Do Haar-Cascades work better in Gray-scale Images?
Does different lighting conditions make difference?
What does the method detectMultiScale(params) exactly do?
If I want to go for further analysis for Eye Blinking, Eye Closure Duration, Mouth Yawning, Head Nodding and Head Orientation to Detect Fatigue (Drowsiness) By Using Support Vector Machine, any advices?
Your help is appreciated!
The following article, would give you an overview of the things going under the hood, I would highly recommend to read the article.
Do Higher Cameras' Resolutions work better for Haar-Cascades?
Not necessarily, the cascade.detectMultiScale has params to adjust for various input width, height scenarios, like minSize and maxSize, These are optional params However, But you can tweak these to get robust predictions if you have control over the input image size. If you set the minSize to smaller value and ignore maxSize then it will work for smaller and high res images as well, but the performance would suffer. Also if you imagine now, How come there is no differnce between High-res and low-res images then you should consider that the cascade.detectMultiScale internally scales the images to lower resolutions for performance boost, that is why defining the maxSize and minSize is important to avoid any unnecessary iterations.
Do I have to capture Video Frames in a certain scale? for example
(100px X100px)
This mainly depends upon the params you pass to the cascade.detectMultiScale. Personally I guess that 100 x 100 would be too small for smaller face detection in the frame as some features would be completely lost while resizing the frame to smaller dimensions, and the cascade.detectMultiScale is highly dependent upon the gradients or features in the input image.
But if the input frame only has face as a major part, and there are no other smaller faces dangling behind then you may use 100 X 100. I have tested some sample faces of size 100 x 100 and it worked pretty well. And if this is not the case then 300 - 400 px width should work good. However you would need to tune the params in order to achieve accuracy.
Do Haar-Cascades work better in Gray-scale Images?
They work only in gray-scale images.
In the article, if you read the first part, you will come to know that it face detection is comprised of detecting many binary patterns in the image, This basically comes from the ViolaJones, paper which is the basic of this algorithm.
Does different lighting conditions make difference?
May be in some cases, largely Haar-features are lighting invariant.
If you are considering different lighting conditions as taking images under green or red light, then it may not affect the detection, The haar-features (since dependent on gray-scale) are independent of the RGB color of input image. The detection mainly depends upon the gradients/features in the input image. So as far as there are enough gradient differences in the input image such as eye-brow has lower intensity than fore-head, etc. it will work fine.

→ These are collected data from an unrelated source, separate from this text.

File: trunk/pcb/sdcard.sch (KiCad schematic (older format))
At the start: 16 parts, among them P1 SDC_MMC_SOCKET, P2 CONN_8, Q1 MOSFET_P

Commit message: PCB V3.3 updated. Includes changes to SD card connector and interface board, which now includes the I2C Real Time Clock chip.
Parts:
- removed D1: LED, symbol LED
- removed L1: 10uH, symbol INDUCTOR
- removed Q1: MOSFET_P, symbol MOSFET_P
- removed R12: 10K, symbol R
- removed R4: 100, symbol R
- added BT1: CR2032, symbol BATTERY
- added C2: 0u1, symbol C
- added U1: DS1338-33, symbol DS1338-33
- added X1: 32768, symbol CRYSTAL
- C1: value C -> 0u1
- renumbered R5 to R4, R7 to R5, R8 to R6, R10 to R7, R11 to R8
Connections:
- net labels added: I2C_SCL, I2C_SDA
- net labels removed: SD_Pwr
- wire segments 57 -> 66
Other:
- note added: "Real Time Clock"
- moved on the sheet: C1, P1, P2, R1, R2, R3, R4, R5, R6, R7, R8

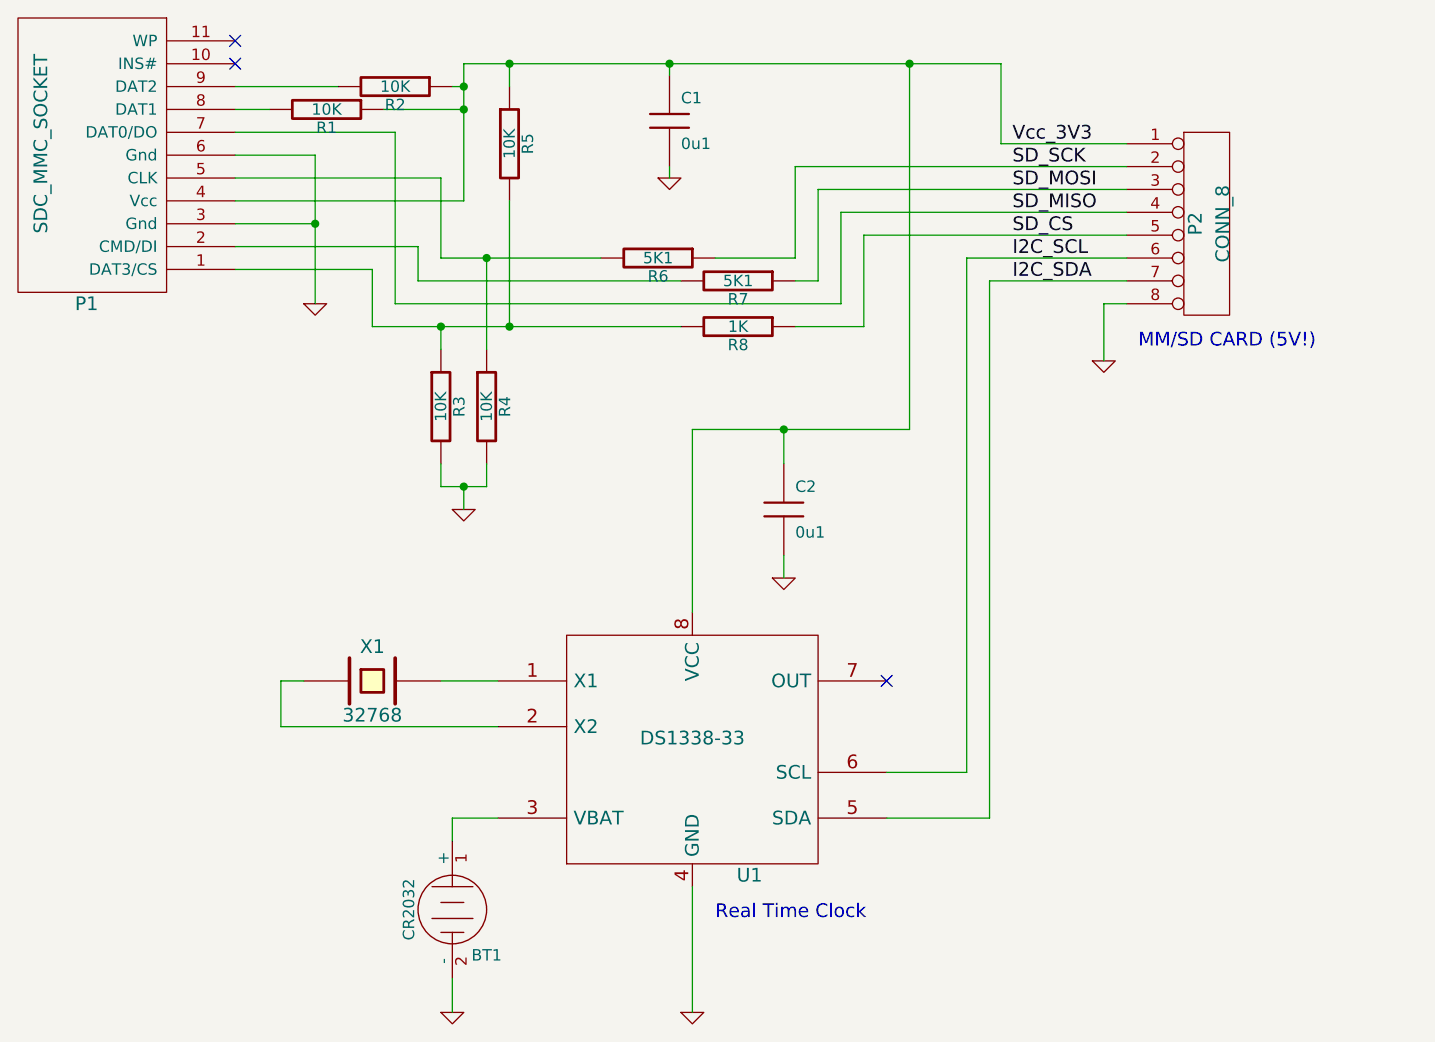
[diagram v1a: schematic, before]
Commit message: Oops. Forgot the I2C pull-up resistors on the SD card interface board.
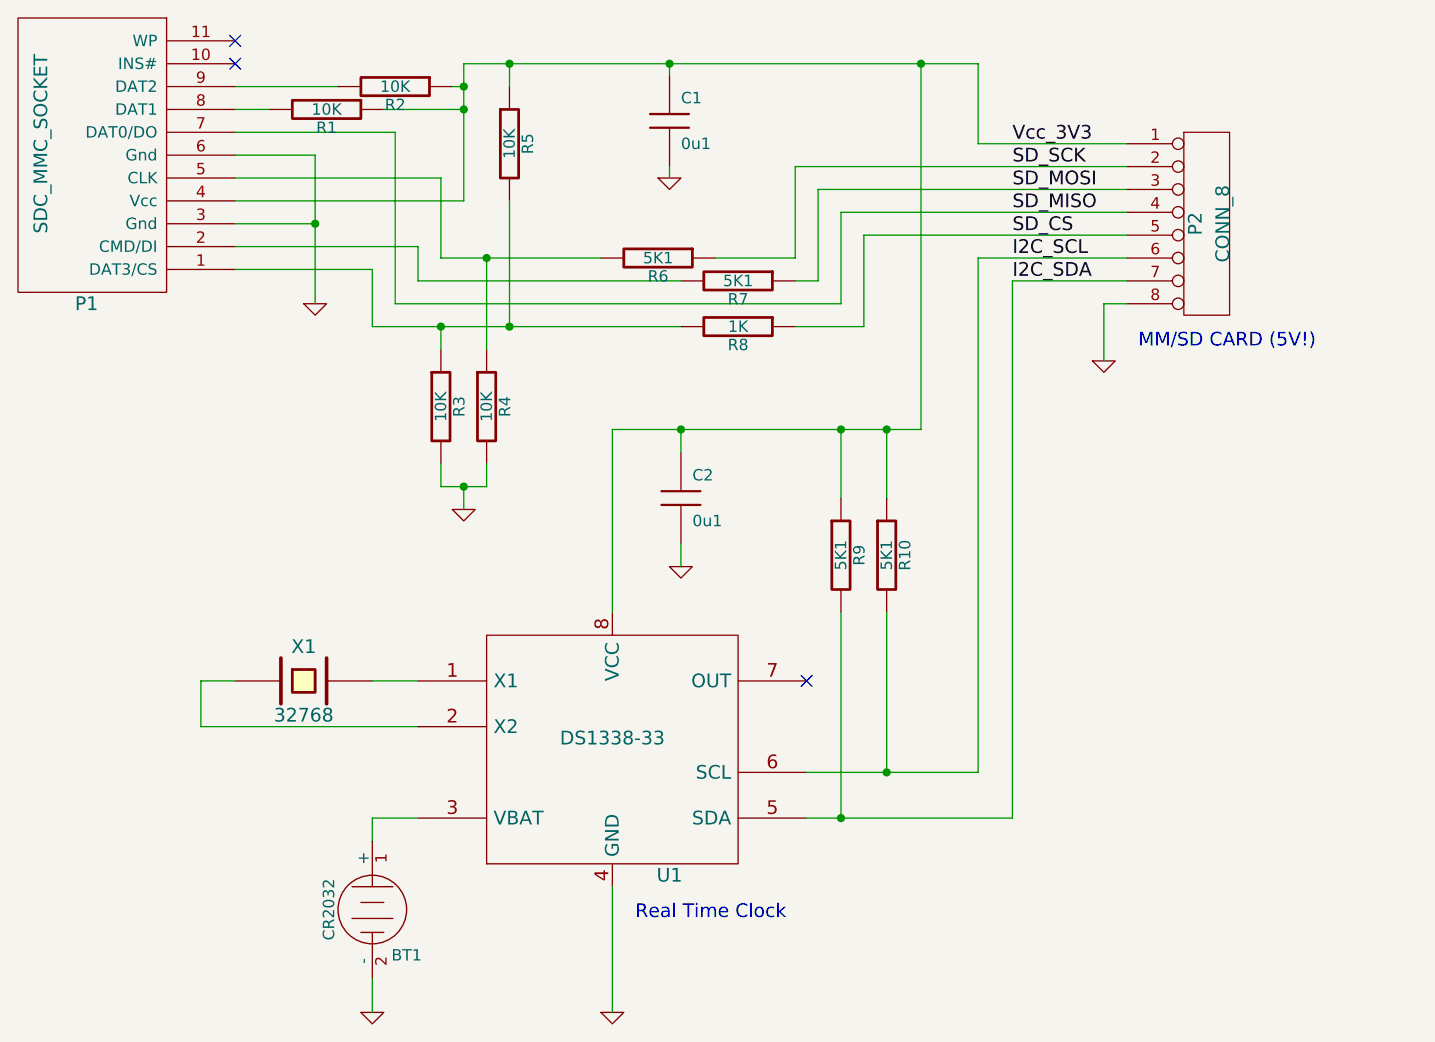
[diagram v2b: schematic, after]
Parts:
- added R10, R9: 5K1, symbol R
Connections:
- net I2C_SCL: now also R10.2
- net I2C_SDA: now also R9.2
- net Vcc_3V3: now also R10.1, R9.1
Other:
- moved on the sheet: BT1, C2, U1, X1
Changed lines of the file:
@@
-EESchema Schematic File Version 2  date 25/01/2011 4:16:10 p.m.
+EESchema Schematic File Version 2  date 25/01/2011 7:11:38 p.m.
 LIBS:power
 LIBS:device
@@
 Comment4 ""
 $EndDescr
+Connection ~ 6600 4800
+Wire Wire Line
+	6600 4100 6600 4800
+Connection ~ 6400 3300
+Wire Wire Line
+	6400 3600 6400 3300
 Wire Wire Line
 	5650 1700 5650 1750
 Wire Wire Line
-	6150 3950 6150 3850
-Wire Wire Line
-	5750 5850 5750 5300
-Wire Wire Line
-	4900 5000 4700 5000
-Wire Wire Line
-	4700 5000 4700 5100
-Wire Wire Line
-	4900 4400 4650 4400
-Wire Wire Line
-	7050 5000 7050 2650
-Wire Wire Line
-	7050 5000 6600 5000
-Wire Wire Line
-	4750 1700 7100 1700
-Wire Wire Line
-	4750 1700 4750 2300
+	5700 3900 5700 3800
+Wire Wire Line
+	5400 5850 5400 5300
+Wire Wire Line
+	4550 5000 4350 5000
+Wire Wire Line
+	4350 5000 4350 5100
+Wire Wire Line
+	4550 4400 4350 4400
+Wire Wire Line
+	7150 5000 7150 2650
+Wire Wire Line
+	7150 5000 6400 5000
+Wire Wire Line
+	6400 5000 6250 5000
+Wire Wire Line
+	4750 1700 4950 1700
+Wire Wire Line
+	4950 1700 5650 1700
+Wire Wire Line
+	5650 1700 6750 1700
+Wire Wire Line
+	6750 1700 7000 1700
+Wire Wire Line
+	4750 1700 4750 1800
+Wire Wire Line
+	4750 1800 4750 1900
+Wire Wire Line
+	4750 1900 4750 2300
 Wire Wire Line
 	7650 2450 6500 2450
@@
 	4350 2600 4350 2850
 Wire Wire Line
-	4350 2850 5700 2850
+	4350 2850 4650 2850
+Wire Wire Line
+	4650 2850 4950 2850
+Wire Wire Line
+	4950 2850 5700 2850
 Wire Wire Line
 	3750 2100 4100 2100
 Wire Wire Line
-	4100 2100 4100 2750
+	4100 2100 4100 2400
+Wire Wire Line
+	4100 2400 4100 2750
 Connection ~ 4850 2550
 Wire Wire Line
@@
 	4550 2650 5700 2650
 Wire Wire Line
-	7100 1700 7100 2050
+	7000 1700 7000 2050
 Wire Wire Line
 	7650 2750 7550 2750
@@
 	7550 2750 7550 3000
 Wire Wire Line
-	7100 2050 7650 2050
+	7000 2050 7650 2050
 Wire Wire Line
 	7650 2350 6400 2350
@@
 	6300 2250 7650 2250
 Wire Wire Line
-	5350 2550 4650 2550
+	5350 2550 4850 2550
+Wire Wire Line
+	4850 2550 4650 2550
 Wire Wire Line
 	4650 2550 4650 2200
@@
 	4450 2750 6400 2750
 Wire Wire Line
-	4650 3550 4850 3550
+	4650 3550 4750 3550
+Wire Wire Line
+	4750 3550 4850 3550
 Wire Wire Line
 	4850 3550 4850 3450
 Connection ~ 4750 3550
 Wire Wire Line
-	6600 4800 6950 4800
-Wire Wire Line
-	6950 4800 6950 2550
-Wire Wire Line
-	6950 2550 7650 2550
-Wire Wire Line
-	7050 2650 7650 2650
-Wire Wire Line
-	4050 4400 3950 4400
-Wire Wire Line
-	3950 4400 3950 4600
-Wire Wire Line
-	3950 4600 4900 4600
-Wire Wire Line
-	4700 5850 4700 5700
-Wire Wire Line
-	5750 4100 5750 3300
-Wire Wire Line
-	5750 3300 6700 3300
-Wire Wire Line
-	6700 3300 6700 1700
-Connection ~ 6700 1700
-Wire Wire Line
-	6150 3450 6150 3300
-Connection ~ 6150 3300
-Text Notes 5850 5450 0    60   ~ 0
+	6250 4800 6600 4800
+Wire Wire Line
+	6600 4800 7000 4800
+Wire Wire Line
+	7000 4800 7000 2550
+Wire Wire Line
+	7000 2550 7650 2550
+Wire Wire Line
+	7150 2650 7650 2650
+Wire Wire Line
+	3750 4400 3600 4400
+Wire Wire Line
+	3600 4400 3600 4600
+Wire Wire Line
+	3600 4600 4550 4600
+Wire Wire Line
+	4350 5850 4350 5700
+Wire Wire Line
+	5400 4100 5400 3300
+Wire Wire Line
+	5400 3300 5700 3300
+Wire Wire Line
+	5700 3300 6400 3300
+Wire Wire Line
+	6400 3300 6600 3300
+Wire Wire Line
+	6600 3300 6750 3300
+Wire Wire Line
+	6750 3300 6750 1700
+Connection ~ 6750 1700
+Wire Wire Line
+	5700 3400 5700 3300
+Connection ~ 5700 3300
+Wire Wire Line
+	6600 3600 6600 3300
+Connection ~ 6600 3300
+Wire Wire Line
+	6400 4100 6400 5000
+Connection ~ 6400 5000
+$Comp
+L R R10
+U 1 1 4D3E6931
+P 6600 3850
+F 0 "R10" V 6680 3850 50  0000 C CNN
+F 1 "5K1" V 6600 3850 50  0000 C CNN
+	1    6600 3850
+	1    0    0    -1
+$EndComp
+$Comp
+L R R9
+U 1 1 4D3E691F
+P 6400 3850
+F 0 "R9" V 6480 3850 50  0000 C CNN
+F 1 "5K1" V 6400 3850 50  0000 C CNN
+	1    6400 3850
+	1    0    0    -1
+$EndComp
+Text Notes 5500 5450 0    60   ~ 0
 Real Time Clock
 $Comp
 L GND #PWR6
 U 1 1 4D3E3F0B
-P 6150 3950
-F 0 "#PWR6" H 6150 3950 30  0001 C CNN
-F 1 "GND" H 6150 3880 30  0001 C CNN
-	1    6150 3950
+P 5700 3900
+F 0 "#PWR6" H 5700 3900 30  0001 C CNN
+F 1 "GND" H 5700 3830 30  0001 C CNN
+	1    5700 3900
 	1    0    0    -1
 $EndComp
@@
 L C C2
 U 1 1 4D3E3EFB
-P 6150 3650
-F 0 "C2" H 6200 3750 50  0000 L CNN
-F 1 "0u1" H 6200 3550 50  0000 L CNN
-	1    6150 3650
+P 5700 3600
+F 0 "C2" H 5750 3700 50  0000 L CNN
+F 1 "0u1" H 5750 3500 50  0000 L CNN
+	1    5700 3600
 	1    0    0    -1
 $EndComp
@@
 L GND #PWR2
 U 1 1 4D3E3EC2
-P 4700 5850
-F 0 "#PWR2" H 4700 5850 30  0001 C CNN
-F 1 "GND" H 4700 5780 30  0001 C CNN
-	1    4700 5850
-	1    0    0    -1
-$EndComp
-$Comp
-L GND #PWR5
+P 4350 5850
+F 0 "#PWR2" H 4350 5850 30  0001 C CNN
+F 1 "GND" H 4350 5780 30  0001 C CNN
+	1    4350 5850
+	1    0    0    -1
+$EndComp
+$Comp
+L GND #PWR4
 U 1 1 4D3E3EBC
-P 5750 5850
-F 0 "#PWR5" H 5750 5850 30  0001 C CNN
-F 1 "GND" H 5750 5780 30  0001 C CNN
-	1    5750 5850
+P 5400 5850
+F 0 "#PWR4" H 5400 5850 30  0001 C CNN
+F 1 "GND" H 5400 5780 30  0001 C CNN
+	1    5400 5850
 	1    0    0    -1
 $EndComp
@@
 L BATTERY BT1
 U 1 1 4D3E3E91
-P 4700 5400
-F 0 "BT1" V 4900 5550 50  0000 C CNN
-F 1 "CR2032" H 4700 5210 50  0000 C CNN
-	1    4700 5400
+P 4350 5400
+F 0 "BT1" V 4550 5550 50  0000 C CNN
+F 1 "CR2032" H 4350 5210 50  0000 C CNN
+	1    4350 5400
 	0    1    1    0
 $EndComp
@@
 L CRYSTAL X1
 U 1 1 4D3E3E59
-P 4350 4400
-F 0 "X1" H 4350 4550 60  0000 C CNN
-F 1 "32768" H 4350 4250 60  0000 C CNN
-	1    4350 4400
-	1    0    0    -1
-$EndComp
-NoConn ~ 6600 4400
+P 4050 4400
+F 0 "X1" H 4050 4550 60  0000 C CNN
+F 1 "32768" H 4050 4250 60  0000 C CNN
+	1    4050 4400
+	1    0    0    -1
+$EndComp
+NoConn ~ 6250 4400
 $Comp
 L DS1338-33 U1
 U 1 1 4D3E3DEA
-P 5750 4700
-F 0 "U1" H 6000 4150 60  0000 C CNN
-F 1 "DS1338-33" H 5750 4750 60  0000 C CNN
-	1    5750 4700
+P 5400 4700
+F 0 "U1" H 5650 4150 60  0000 C CNN
+F 1 "DS1338-33" H 5400 4750 60  0000 C CNN
+	1    5400 4700
 	1    0    0    -1
 $EndComp
@@
 $EndComp
 $Comp
-L GND #PWR4
+L GND #PWR5
 U 1 1 4D1F9457
 P 5650 2200
-F 0 "#PWR4" H 5650 2200 30  0001 C CNN
+F 0 "#PWR5" H 5650 2200 30  0001 C CNN
 F 1 "GND" H 5650 2130 30  0001 C CNN
 	1    5650 2200

But consider a case when input image has back-light or very low ambient light, In that case it may be possible that some prominent features are not found, which may result in face not detected.
What does the method detectMultiScale(params) exactly do?
I guess, if you have read the article, by this time, then you must be knowing it well.
If I want to go for further analysis for Eye Blinking, Eye Closure
Duration, Mouth Yawning, Head Nodding and Head Orientation to Detect
Fatigue (Drowsiness) By Using Support Vector Machine, any advices?
No, I won't suggest you to perform these type of gesture detection with SVM, as it would be extremely slow to run 10 different cascades to conclude current facial state, However I would recommend you to use some Facial Landmark Detection Framework, such as Dlib, You may search for some other frameworks as well, because the model size of dlib is nearly 100MB and it may not suit your needs i f you want to port it to mobile device. So the key is ** Facial Landmark Detection **, once you get the full face labelled, you can draw conclusions like if the mouth if open or the eyes are blinking, and it works in Real-time, so your video processing won't suffer much.
Related
As far as I know, you can get the screen size and density using Gdx.graphics.getDensity(), so you can load the right texture for E.g 1x, 1.5x etc..
but what about the texture that comes with the 3D model, for E.g. the texture is only intended for a maximum 1280x800px, while my android has dpi 3x.
I don't want to scale it too much because it can cause the image become too blur/fade/not sharp, anyone who knows the solution please?
EDIT:
let me explain in detail
I've one ModelInstance, texture atlas (2048x2048px) attached.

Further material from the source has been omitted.